On Sat, 15 May 2021 at 20:52, David Mertz <me...@gnosis.cx> wrote:
>
> On Sat, May 15, 2021, 3:13 PM Oscar Benjamin
>>
>> That would mean that a simple statement like x = -1.01d could assign 
>> different values depending on the context. Maybe with the new parser it is 
>> easier to change this so that an unary +/- can be part of the literal.
>
> Steven, at least, stated he assumed this decimal literal would be either 
> decimal64 or decimal128. That would remove this exact concern you state.
>
> But decimal64 behaves differently that decimal128, and both have different 
> semantics than Decimal. I don't disagree that decimal128 is a useful data 
> type, but it's definitely a wrinkle for various flavors of "decimal" to arise 
> in various ways. For example, how does this change the numeric tower?
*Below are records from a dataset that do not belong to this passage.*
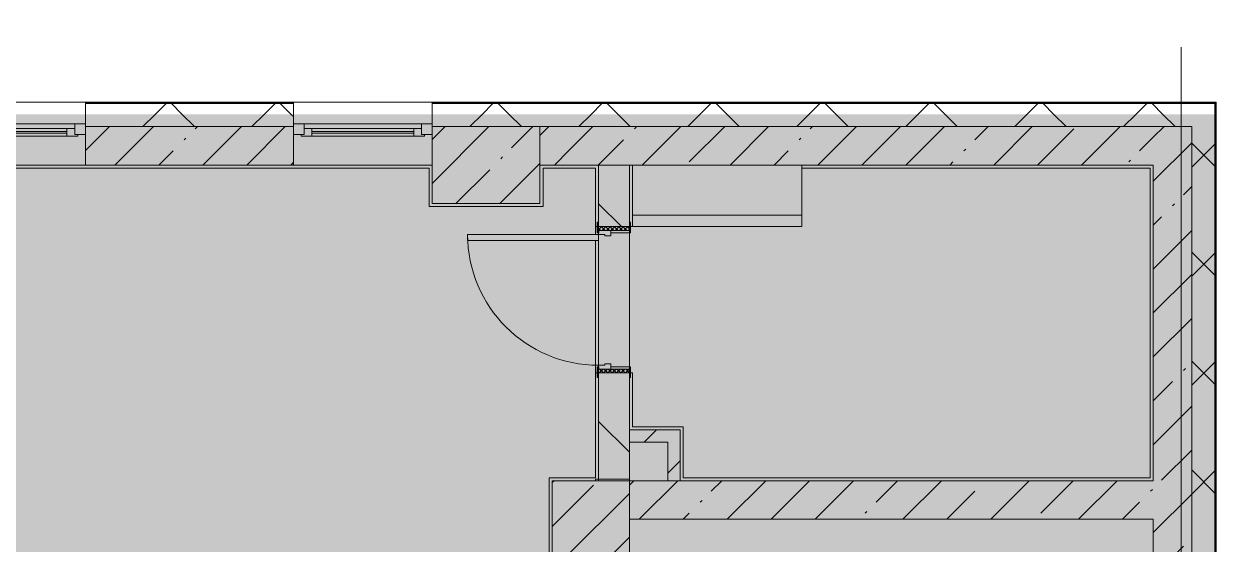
# Model space of a CAD drawing. Header units: millimetres. Extents: x 81469 to 279813, y -8553 to 29000.
# Drawn here: x 270303 to 278041, y 18689 to 22067 of the extents above; entities that cross this region are included whole.
import ezdxf

# ---------------------------------------------------------------- set-up
doc = ezdxf.new("R2010")
doc.units = ezdxf.units.MM
doc.layers.add('A-DETL-GENF-1', color=7, linetype='Continuous', lineweight=9, true_color=0xc0c0c0, transparency=0.4)
for name, color, linetype, lineweight, true_color in [('A-DOOR-3', 7, 'Continuous', 5, 0xb7b7b7), ('A-DOOR-4', 7, 'Continuous', 5, 0xe2e2e2), ('A-DOOR-5', 7, 'Continuous', 5, 0xaaaaaa), ('A-DOOR-FRAM-2', 7, 'Continuous', 5, 0xe2e2e2), ('A-DOOR-FRAM-3', 7, 'Continuous', 5, 0xb7b7b7), ('A-DOOR-FRAM-4', 7, 'Continuous', 5, 0xaaaaaa), ('A-FLOR-1', 7, 'Continuous', 5, 0xb7b7b7), ('A-GLAZ-2', 7, 'Continuous', 5, 0x737373), ('A-WALL-5', 7, 'Continuous', 5, 0x737373), ('A-WALL-6', 7, 'Continuous', 9, 0x737373), ('I-WALL-22', 7, 'Continuous', 5, 0x737373), ('S-COLS-2', 7, 'Continuous', 5, 0x737373)]:
    doc.layers.add(name, color=color, linetype=linetype, lineweight=lineweight, true_color=true_color)
for name, color, linetype, lineweight in [('A-WALL', 7, 'Continuous', 9), ('A-WALL-4', 7, 'Continuous', 5), ('I-WALL-21', 7, 'Continuous', 5), ('S-COLS-1', 7, 'Continuous', 5), ('Оси', 7, 'Continuous', 9)]:
    doc.layers.add(name, color=color, linetype=linetype, lineweight=lineweight)
pattern_1 = [(45, (152802.76, 0), (-285.1231, 285.1231), []), (45, (153087.9, 0), (-285.1231, 285.1231), [504.031, -100.806, 16.764, -84.042])]
pattern_2 = [(45, (152802.76, 0), (-353.5534, 353.5534), []), (135, (152802.76, 0), (-353.5534, -353.5534), [])]
pattern_3 = [(45, (152802.76, 0), (-176.7767, 176.7767), [])]

# ---------------------------------------------------------------- blocks, each defined once
blk = doc.blocks.new('120_Окно_СКБ_1Ст - 120_Окно_СКБ_1Ст 900х2500_h_ с форточкой-22876038-3_4_3_птичка')
at = {"layer": 'A-GLAZ-2'}
for p, q in [((-450, -127), (-450, -57)), ((-450, -57), (-380, -57)), ((450, -57), (-450, -57)), ((-380, -57), (-380, -127)), ((380, -127), (380, -57)), ((380, -57), (450, -57)), ((450, -57), (450, -127)), ((-380, -127), (-450, -127)), ((-450, -127), (-400, -127)), ((-380, -127), (-400, -127)), ((-400, -127), (-400, -137)), ((-400, -137), (400, -137)), ((400, -137), (-400, -137)), ((380, -87), (-380, -87)), ((-380, -87), (-380, -127)), ((-330, -137), (-330, -87)), ((-330, -107), (330, -107)), ((330, -117), (-330, -117)), ((330, -137), (330, -87)), ((380, -127), (380, -87)), ((450, -127), (380, -127)), ((400, -127), (380, -127)), ((400, -127), (450, -127)), ((400, -137), (400, -127))]:
    blk.add_line(p, q, dxfattribs=at)
blk = doc.blocks.new('110_Дверь_СКБ_1Ст_Внутренняя1 - Д-8 950x2100h_охрана-V148-3_4_3_птичка')
at = {"layer": 'A-DOOR-4'}
h = blk.add_hatch(color=256, dxfattribs=at)
h.paths.add_polyline_path([(-437.5, 100), (-437.5, 20), (-402.5, 20), (-402.5, 60), (-412.5, 60), (-412.5, 100)])
h.paths.add_polyline_path([(427.5, 60), (427.5, 20), (462.5, 20), (462.5, 100), (437.5, 100), (437.5, 60)])
at = {"layer": 'A-DOOR-5'}
h = blk.add_hatch(dxfattribs=at)
h.set_pattern_fill('FP_6', color=256, style=0, pattern_type=2)
h.set_pattern_definition([(135, (1826.41, 164.685), (-14.14214, -14.14214), []), (225, (1826.41, 164.685), (14.14214, -14.14214), [])])
h.paths.add_polyline_path([(462.5, -100), (487.5, -100), (487.5, 100), (462.5, 100)])
at = {"layer": 'A-DOOR-FRAM-2'}
for points in [[(397.5, 100), (437.5, 100), (437.5, 950), (397.5, 950), (397.5, 139)], [(-492.5, 100), (-422.5, 100), (-422.5, 108), (-492.5, 108)], [(447.5, 100), (517.5, 100), (517.5, 108), (447.5, 108)], [(-437.5, -100), (-422.5, -100), (-422.5, 20), (-437.5, 20)], [(447.5, -100), (462.5, -100), (462.5, 20), (447.5, 20)], [(-492.5, -108), (-422.5, -108), (-422.5, -100), (-492.5, -100)], [(447.5, -108), (517.5, -108), (517.5, -100), (447.5, -100)]]:
    blk.add_hatch(color=256, dxfattribs=at).paths.add_polyline_path(points)
at = {"layer": 'A-DOOR-FRAM-4'}
h = blk.add_hatch(dxfattribs=at)
h.set_pattern_fill('FP_7', color=256, style=0, pattern_type=2)
h.set_pattern_definition([(45, (-296.384, 164.685), (-14.1421, 14.1421), []), (135, (-296.384, 164.685), (-14.1421, -14.1421), [])])
h.paths.add_polyline_path([(-462.5, -100), (-437.5, -100), (-437.5, 100), (-462.5, 100)])
at = {"layer": 'A-DOOR-3'}
for p, q in [((437.5, 950), (397.5, 950)), ((397.5, 950), (397.5, 100)), ((437.5, 100), (437.5, 950)), ((397.5, 100), (437.5, 100))]:
    blk.add_line(p, q, dxfattribs=at)
blk.add_arc((437.5, 100), 850, 90, 180, dxfattribs=at)
at = {"layer": 'A-DOOR-FRAM-3'}
for p, q in [((-422.5, 108), (-492.5, 108)), ((-492.5, 108), (-492.5, 100)), ((-492.5, 100), (-422.5, 100)), ((-437.5, 100), (-462.5, 100)), ((-462.5, 100), (-462.5, -100)), ((-412.5, 100), (-437.5, 100)), ((-437.5, 100), (-437.5, 20)), ((-437.5, -100), (-437.5, 100)), ((-422.5, 100), (-437.5, 100)), ((-437.5, 100), (-437.5, 99)), ((-437.5, 99), (-422.5, 99)), ((-422.5, 100), (-422.5, 108)), ((-422.5, 99), (-422.5, 100)), ((-412.5, 60), (-412.5, 100)), ((437.5, 100), (437.5, 60)), ((462.5, 100), (437.5, 100)), ((517.5, 108), (447.5, 108)), ((447.5, 108), (447.5, 100)), ((462.5, 100), (447.5, 100)), ((447.5, 100), (447.5, 99)), ((447.5, 100), (517.5, 100)), ((447.5, 99), (462.5, 99)), ((462.5, 20), (462.5, 100)), ((487.5, 100), (462.5, 100)), ((462.5, 100), (462.5, -100)), ((462.5, 99), (462.5, 100)), ((487.5, -100), (487.5, 100)), ((517.5, 100), (517.5, 108)), ((-437.5, 20), (-402.5, 20)), ((-422.5, 20), (-437.5, 20)), ((-437.5, 20), (-437.5, -100)), ((-422.5, -100), (-422.5, 20)), ((-402.5, 60), (-412.5, 60)), ((-402.5, 20), (-402.5, 60)), ((437.5, 60), (427.5, 60)), ((427.5, 60), (427.5, 20)), ((427.5, 20), (462.5, 20)), ((462.5, 20), (447.5, 20)), ((447.5, 20), (447.5, -100)), ((462.5, -100), (462.5, 20)), ((-422.5, -100), (-492.5, -100)), ((-492.5, -100), (-492.5, -108)), ((-492.5, -108), (-422.5, -108)), ((-462.5, -100), (-437.5, -100)), ((-437.5, -100), (-422.5, -100)), ((-422.5, -108), (-422.5, -100)), ((447.5, -100), (462.5, -100)), ((517.5, -100), (447.5, -100)), ((447.5, -100), (447.5, -108)), ((447.5, -108), (517.5, -108)), ((462.5, -100), (487.5, -100)), ((517.5, -108), (517.5, -100))]:
    blk.add_line(p, q, dxfattribs=at)
blk = doc.blocks.new('120_Окно_СКБ_1Ст - 120_Окно_СКБ_1Ст 900х2500_h_ с форточкой-V136-3_4_3_птичка')
at = {"layer": 'A-GLAZ-2'}
for p, q in [((-450, -127), (-450, -57)), ((-450, -57), (-380, -57)), ((450, -57), (-450, -57)), ((-380, -57), (-380, -127)), ((380, -127), (380, -57)), ((380, -57), (450, -57)), ((450, -57), (450, -127)), ((-380, -127), (-450, -127)), ((-450, -127), (-400, -127)), ((-380, -127), (-400, -127)), ((-400, -127), (-400, -137)), ((-400, -137), (400, -137)), ((400, -137), (-400, -137)), ((380, -87), (-380, -87)), ((-380, -87), (-380, -127)), ((-330, -137), (-330, -87)), ((-330, -107), (330, -107)), ((330, -117), (-330, -117)), ((330, -137), (330, -87)), ((380, -127), (380, -87)), ((450, -127), (380, -127)), ((400, -127), (380, -127)), ((400, -127), (449.8, -127)), ((400, -137), (400, -127))]:
    blk.add_line(p, q, dxfattribs=at)
blk = doc.blocks.new('BSC_Колонна _Прямоугольная - 700х500-23282984-3_4_3_птичка')
at = {"layer": 'S-COLS-1'}
h = blk.add_hatch(dxfattribs=at)
h.set_pattern_fill('FP_101', color=256, style=0, pattern_type=2)
h.set_pattern_definition([(45, (-120500, -21150), (-285.1231, 285.1231), []), (45, (-120214.88, -21150), (-285.1231, 285.1231), [504.031, -100.806, 16.764, -84.042])])
h.paths.add_polyline_path([(-350, -250), (350, -250), (350, 250), (-350, 250)])
at = {"layer": 'S-COLS-2'}
for p, q in [((350, 250), (-350, 250)), ((-350, 250), (-350, -250)), ((350, -250), (350, 250)), ((-350, -250), (350, -250))]:
    blk.add_line(p, q, dxfattribs=at)
blk = doc.blocks.new('BSC_Колонна _Прямоугольная - 500х500-V214-3_4_3_птичка')
at = {"layer": 'S-COLS-1'}
h = blk.add_hatch(dxfattribs=at)
h.set_pattern_fill('FP_130', color=256, style=0, pattern_type=2)
h.set_pattern_definition([(45, (-121180, -18850), (-285.1231, 285.1231), []), (45, (-120894.88, -18850), (-285.1231, 285.1231), [504.031, -100.806, 16.764, -84.042])])
h.paths.add_polyline_path([(-250, -250), (250, -250), (250, 250), (-250, 250)])
at = {"layer": 'S-COLS-2'}
for p, q in [((250, 250), (-250, 250)), ((-250, 250), (-250, -250)), ((250, -250), (250, 250)), ((-250, -250), (250, -250))]:
    blk.add_line(p, q, dxfattribs=at)
blk = doc.blocks.new('Зашивка приборов отопления43 - Зашивка приборов отопления-33398518-3_4_3_птичка')
at = {"layer": 'A-WALL-5'}
for p, q in [((121290.8, 18994.6), (121290.8, 18669.6)), ((122390.8, 18669.6), (122390.8, 18994.6)), ((121290.8, 18669.6), (122390.8, 18669.6)), ((122389.3, 18669.6), (121290.8, 18669.6)), ((121290.8, 18669.6), (121290.8, 18594.6)), ((122389.3, 18594.6), (122389.3, 18669.6)), ((121290.8, 18594.6), (122389.3, 18594.6))]:
    blk.add_line(p, q, dxfattribs=at)

msp = doc.modelspace()

# ---------------------------------------------------------------- hatches: boundary and pattern name
at = {"layer": 'A-DETL-GENF-1'}
msp.add_hatch(color=256, dxfattribs=at).paths.add_polyline_path([(278035.8, -258), (278035.8, 21479), (246135.8, 21479), (246135.8, 27379), (237372.8, 27379), (237372.8, 10208.3), (242012.8, 10208.3), (242012.8, -258), (276790.3, -258)])
at = {"layer": 'A-WALL-4'}
h = msp.add_hatch(dxfattribs=at)
h.set_pattern_fill('FP_68', color=256, style=0, pattern_type=2)
h.set_pattern_definition(pattern_2)
h.paths.add_polyline_path([(277882.8, 21400), (278032.8, 21400), (278032.8, 21479), (272953, 21479), (272953, 21400), (277632.8, 21400)])
h.paths.add_polyline_path([(272053, 21400), (272053, 21479), (270703.2, 21479), (270703.2, 21400), (271197.1, 21400)])
h.paths.add_polyline_path([(259078.5, 21400), (259653.2, 21400), (259653.2, 21479), (258353, 21479), (258353, 21400), (258852.8, 21400)])
h.paths.add_polyline_path([(260553.2, 21400), (261853.2, 21400), (261853.2, 21479), (260553.2, 21479)])
h.paths.add_polyline_path([(246106.9, 21400), (246112.8, 21400), (246112.8, 21550), (246092.8, 21550), (246092.8, 21400)])
h.paths.add_polyline_path([(262753.2, 21400), (264052.8, 21400), (264052.8, 21479), (262753.2, 21479)])
h.paths.add_polyline_path([(266352.8, 21400), (267503.2, 21400), (267503.2, 21479), (266352.8, 21479)])
h.paths.add_polyline_path([(268933.2, 21400), (269803.2, 21400), (269803.2, 21479), (268933.2, 21479)])
h.paths.add_polyline_path([(249412.8, 21400), (253952.8, 21400), (253952.8, 21479), (249412.8, 21479)])
h.paths.add_polyline_path([(256252.8, 21400), (257453, 21400), (257453, 21479), (256252.8, 21479)])
h = msp.add_hatch(dxfattribs=at)
h.set_pattern_fill('FP_68', color=256, style=0, pattern_type=2)
h.set_pattern_definition(pattern_2)
h.paths.add_polyline_path([(277961.8, 21479), (278032.8, 21479), (278032.8, 21550), (272953, 21550), (272953, 21479), (277843.4, 21479)])
h.paths.add_polyline_path([(252553, 21479), (253952.8, 21479), (253952.8, 21550), (249412.8, 21550), (249412.8, 21479), (251291.9, 21479)])
h.paths.add_polyline_path([(256252.8, 21479), (257453, 21479), (257453, 21550), (256252.8, 21550)])
h.paths.add_polyline_path([(272053, 21479), (272053, 21550), (270703.2, 21550), (270703.2, 21479), (271342.1, 21479)])
h.paths.add_polyline_path([(269332.7, 21479), (269803.2, 21479), (269803.2, 21550), (268933.2, 21550), (268933.2, 21479)])
h.paths.add_polyline_path([(259037.8, 21479), (259653.2, 21479), (259653.2, 21550), (258353, 21550), (258353, 21479), (258852.8, 21479)])
h.paths.add_polyline_path([(267468.3, 21479), (267503.2, 21479), (267503.2, 21550), (266352.8, 21550), (266352.8, 21479), (266958.7, 21479)])
h.paths.add_polyline_path([(263852.8, 21479), (264052.8, 21479), (264052.8, 21550), (262753.2, 21550), (262753.2, 21479), (263739.5, 21479)])
h.paths.add_polyline_path([(260553.2, 21479), (261853.2, 21479), (261853.2, 21550), (260553.2, 21550)])
h = msp.add_hatch(dxfattribs=at)
h.set_pattern_fill('FP_68', color=256, style=0, pattern_type=2)
h.set_pattern_definition(pattern_2)
h.paths.add_polyline_path([(278024, -250), (278032.8, -250), (278032.8, 7700), (277882.8, 7700), (277882.8, -250), (278008.2, -250)])
h.paths.add_polyline_path([(278032.8, 8900), (278032.8, 10820), (277882.8, 10820), (277882.8, 8900)])
h.paths.add_polyline_path([(278032.8, 13120), (278032.8, 21400), (277882.8, 21400), (277882.8, 13120)])
at = {"layer": 'I-WALL-21'}
h = msp.add_hatch(dxfattribs=at)
h.set_pattern_fill('FP_64', color=256, style=0, pattern_type=2)
h.set_pattern_definition(pattern_1)
h.paths.add_polyline_path([(264052.8, 21150), (264052.8, 21400), (263852.8, 21400), (263852.8, 21150)])
h.paths.add_polyline_path([(261853.2, 21150), (261853.2, 21400), (260553.2, 21400), (260553.2, 21150)])
h.paths.add_polyline_path([(273842.8, 21150), (273842.8, 21400), (273652.8, 21400), (273652.8, 21150)])
h.paths.add_polyline_path([(262753.2, 21150), (263152.8, 21150), (263152.8, 21400), (262753.2, 21400)])
h.paths.add_polyline_path([(271197.1, 21150), (272053, 21150), (272053, 21400), (270703.2, 21400), (270703.2, 21150)])
h.paths.add_polyline_path([(266352.8, 21150), (267503.2, 21150), (267503.2, 21400), (266352.8, 21400)])
h.paths.add_polyline_path([(269803.2, 21150), (269803.2, 21400), (268933.2, 21400), (268933.2, 21150), (269332.7, 21150)])
h.paths.add_polyline_path([(256281.9, 21150), (257453, 21150), (257453, 21400), (256252.8, 21400), (256252.8, 21150)])
h.paths.add_polyline_path([(258852.8, 21150), (259653.2, 21150), (259653.2, 21400), (258852.8, 21400), (258852.8, 21246.1)])
h.paths.add_polyline_path([(253602.8, 21150), (253952.8, 21150), (253952.8, 21400), (253602.8, 21400)])
h = msp.add_hatch(dxfattribs=at)
h.set_pattern_fill('FP_64', color=256, style=0, pattern_type=2)
h.set_pattern_definition(pattern_1)
h.paths.add_polyline_path([(277632.8, 21150), (277632.8, 21400), (273842.8, 21400), (273842.8, 21150), (276790.3, 21150)])
h = msp.add_hatch(dxfattribs=at)
h.set_pattern_fill('FP_64', color=256, style=0, pattern_type=2)
h.set_pattern_definition(pattern_1)
h.paths.add_polyline_path([(277632.8, 10600), (277882.8, 10600), (277882.8, 10820), (277632.8, 10820), (277632.8, 10642.6)])
h.paths.add_polyline_path([(277882.8, 13120), (277882.8, 21400), (277632.8, 21400), (277632.8, 13120)])
h = msp.add_hatch(dxfattribs=at)
h.set_pattern_fill('FP_67', color=256, style=0, pattern_type=2)
h.set_pattern_definition([(135, (152802.76, 0), (-353.5534, -353.5534), [])])
h.paths.add_polyline_path([(274232.8, 19100), (274232.8, 19800), (274032.8, 19800), (274032.8, 19100)])
h.paths.add_polyline_path([(274232.8, 20750), (274232.8, 21150), (274032.8, 21150), (274032.8, 20750)])
h = msp.add_hatch(dxfattribs=at)
h.set_pattern_fill('FP_69', color=256, style=0, pattern_type=2)
h.set_pattern_definition(pattern_3)
h.paths.add_polyline_path([(274482.8, 19350), (274562.8, 19350), (274562.8, 19430), (274232.8, 19430), (274232.8, 19350)])
h = msp.add_hatch(dxfattribs=at)
h.set_pattern_fill('FP_69', color=256, style=0, pattern_type=2)
h.set_pattern_definition(pattern_3)
h.paths.add_polyline_path([(274562.8, 19100), (274562.8, 19350), (274482.8, 19350), (274482.8, 19100)])
h = msp.add_hatch(dxfattribs=at)
h.set_pattern_fill('FP_64', color=256, style=0, pattern_type=2)
h.set_pattern_definition(pattern_1)
h.paths.add_polyline_path([(274012.8, 10380), (274232.8, 10380), (274232.8, 10825), (274012.8, 10825), (274012.8, 10400)])
h.paths.add_polyline_path([(274232.8, 12225), (274232.8, 13400), (274012.8, 13400), (274012.8, 12225), (274182.8, 12225)])
h.paths.add_polyline_path([(274012.8, 13900), (274232.8, 13900), (274232.8, 18600), (274012.8, 18600), (274012.8, 14691.7)])
h.paths.add_polyline_path([(274232.4, 19100), (274232.8, 19100), (274232.8, 19110), (274012.8, 19110), (274012.8, 19100)])
h = msp.add_hatch(dxfattribs=at)
h.set_pattern_fill('FP_64', color=256, style=0, pattern_type=2)
h.set_pattern_definition(pattern_1)
h.paths.add_polyline_path([(277632.8, 18850), (277632.8, 19100), (274232.8, 19100), (274232.8, 18850), (276790.3, 18850)])

# ---------------------------------------------------------------- linework, layer by layer
at = {"layer": 'A-FLOR-1'}
for p, q in [((272933, 21130), (268923.2, 21130)), ((272933, 20880), (272933, 21130)), ((274012.8, 21130), (273672.8, 21130)), ((273672.8, 21130), (273672.8, 20880)), ((274012.8, 21130), (274012.8, 20700)), ((277612.8, 21130), (275352.8, 21130)), ((277612.8, 19120), (277612.8, 21130)), ((273672.8, 20880), (272933, 20880)), ((274024.8, 20750), (274012.8, 20750)), ((274252.8, 20750), (274240.8, 20750)), ((274012.8, 20660), (274012.8, 19120)), ((274012.8, 19800), (274024.8, 19800)), ((274240.8, 19800), (274252.8, 19800)), ((274252.8, 19800), (274252.8, 19450)), ((274252.8, 19450), (274582.8, 19450)), ((274582.8, 19450), (274582.8, 19120)), ((273712.8, 18580), (273712.8, 19120)), ((273712.8, 19120), (274012.8, 19120)), ((274582.8, 19120), (277612.8, 19120))]:
    msp.add_line(p, q, dxfattribs=at)
at = {"layer": 'A-WALL'}
for p, q in [((272053, 21553), (270703.2, 21553)), ((272053, 21550), (270703.2, 21550)), ((278035.8, 21553), (272953, 21553)), ((278032.8, 21550), (272953, 21550))]:
    msp.add_line(p, q, dxfattribs=at)
at = {"layer": 'A-WALL-4'}
for p, q in [((278040.8, 21558), (269803.2, 21558)), ((278040.8, 7700), (278040.8, 21558))]:
    msp.add_line(p, q, dxfattribs=at)
at = {"layer": 'A-WALL-5'}
for p, q in [((270703.2, 21558), (270703.2, 21400)), ((272053, 21400), (272053, 21558)), ((272953, 21558), (272953, 21400)), ((277882.8, 21400), (277882.8, 21400))]:
    msp.add_line(p, q, dxfattribs=at)
at = {"layer": 'A-WALL-6'}
for p, q in [((278032.8, 13120), (278032.8, 21550)), ((278035.8, 13120), (278035.8, 21553)), ((272053, 21400), (270703.2, 21400)), ((273652.8, 21400), (277632.8, 21400)), ((277882.8, 21400), (277882.8, 13120)), ((277882.8, 13120), (277882.8, 21400)), ((274232.8, 21150), (274032.8, 21150)), ((274232.8, 19430), (274232.8, 19350)), ((274482.8, 19100), (274562.8, 19100))]:
    msp.add_line(p, q, dxfattribs=at)
at = {"layer": 'I-WALL-22'}
for p, q in [((270703.2, 21400), (270703.2, 21150)), ((272053, 21150), (272053, 21400)), ((277882.8, 21400), (277632.8, 21400)), ((268903.2, 21150), (272952.8, 21150)), ((273652.8, 21150), (274032.8, 21150)), ((274032.8, 21150), (274032.8, 20780)), ((274232.8, 20780), (274232.8, 21150)), ((274232.8, 21150), (277632.8, 21150)), ((277632.8, 21150), (277632.8, 19100)), ((274032.8, 19850), (274032.8, 20660)), ((274232.8, 20710), (274232.8, 19840)), ((274032.8, 19770), (274032.8, 19100)), ((274232.8, 19430), (274232.8, 19770)), ((274562.8, 19430), (274232.8, 19430)), ((274562.8, 19100), (274562.8, 19430)), ((274232.8, 19350), (274482.8, 19350)), ((274232.8, 19100), (274232.8, 19350)), ((274482.8, 19350), (274482.8, 19100)), ((274012.8, 19110), (274012.8, 19100)), ((274232.8, 19110), (274012.8, 19110)), ((274482.8, 19100), (274232.8, 19100)), ((277632.8, 19100), (274562.8, 19100)), ((274232.8, 18850), (277632.8, 18850)), ((277632.8, 18850), (277632.8, 10600))]:
    msp.add_line(p, q, dxfattribs=at)
at = {"layer": 'Оси'}
msp.add_line((277812.8, 10029.8), (277812.8, 21915.1), dxfattribs=at)

# ---------------------------------------------------------------- block references
at = {"layer": 'A-DOOR-3', "rotation": 89.99999999999987}
msp.add_blockref('110_Дверь_СКБ_1Ст_Внутренняя1 - Д-8 950x2100h_охрана-V148-3_4_3_птичка', (274132.8, 20262.5), dxfattribs=at)
at = {"layer": 'A-GLAZ-2'}
for name, p in [('120_Окно_СКБ_1Ст - 120_Окно_СКБ_1Ст 900х2500_h_ с форточкой-22876038-3_4_3_птичка', (270253.2, 21475)), ('120_Окно_СКБ_1Ст - 120_Окно_СКБ_1Ст 900х2500_h_ с форточкой-V136-3_4_3_птичка', (272503, 21475))]:
    msp.add_blockref(name, p, dxfattribs=at)
at = {"layer": 'A-WALL-5'}
msp.add_blockref('Зашивка приборов отопления43 - Зашивка приборов отопления-33398518-3_4_3_птичка', (152961.9, 2155.4), dxfattribs=at)
at = {"layer": 'S-COLS-2'}
for name, p in [('BSC_Колонна _Прямоугольная - 700х500-23282984-3_4_3_птичка', (273302.8, 21150)), ('BSC_Колонна _Прямоугольная - 500х500-V214-3_4_3_птичка', (273982.8, 18850))]:
    msp.add_blockref(name, p, dxfattribs=at)

doc.saveas('drawing.dxf')

Decimal is not really in the numeric tower:
https://bugs.python.org/issue43602

The question is really what exactly is the rationale for having a new
Decimal type? I guess it's something like:
"""
The decimal module is well suited to more advanced needs but is hard
to use for less experienced users who just want to do some simple
calculation and expect that the arithmetic should work intuitively
unlike binary floating point. We therefore introduce a new decimal
type that is simpler and add literal syntax for that type so that the
barrier to using decimal-based calculations is as low as possible.
"""
Then you need to consider how much easier you are really making things
e.g. 0.1d vs D('0.1'). To what extent can the "hard to use" claim be
countered by improving the docs e.g. by making a simpler explanation
of how to use Decimal for basic calculations and perhaps adding a
brief section to the tutorial?

Most importantly: who is prepared to implement and maintain any of this?

If the proposal is having 0.1d be Decimal('0.1') then that's a lot
easier than introducing a new decimal128 type. If anyone wants to take
this forward then I think that for that version of the proposal a
usable C implementation of e.g. decimal128 is what is needed. I expect
that making a conforming C implementation of decimal128 will be a lot
harder than making a C implementation of Fraction. Making a really
good implementation of either is hard but the "spec" for rational
numbers is much simpler than for decimal floating point.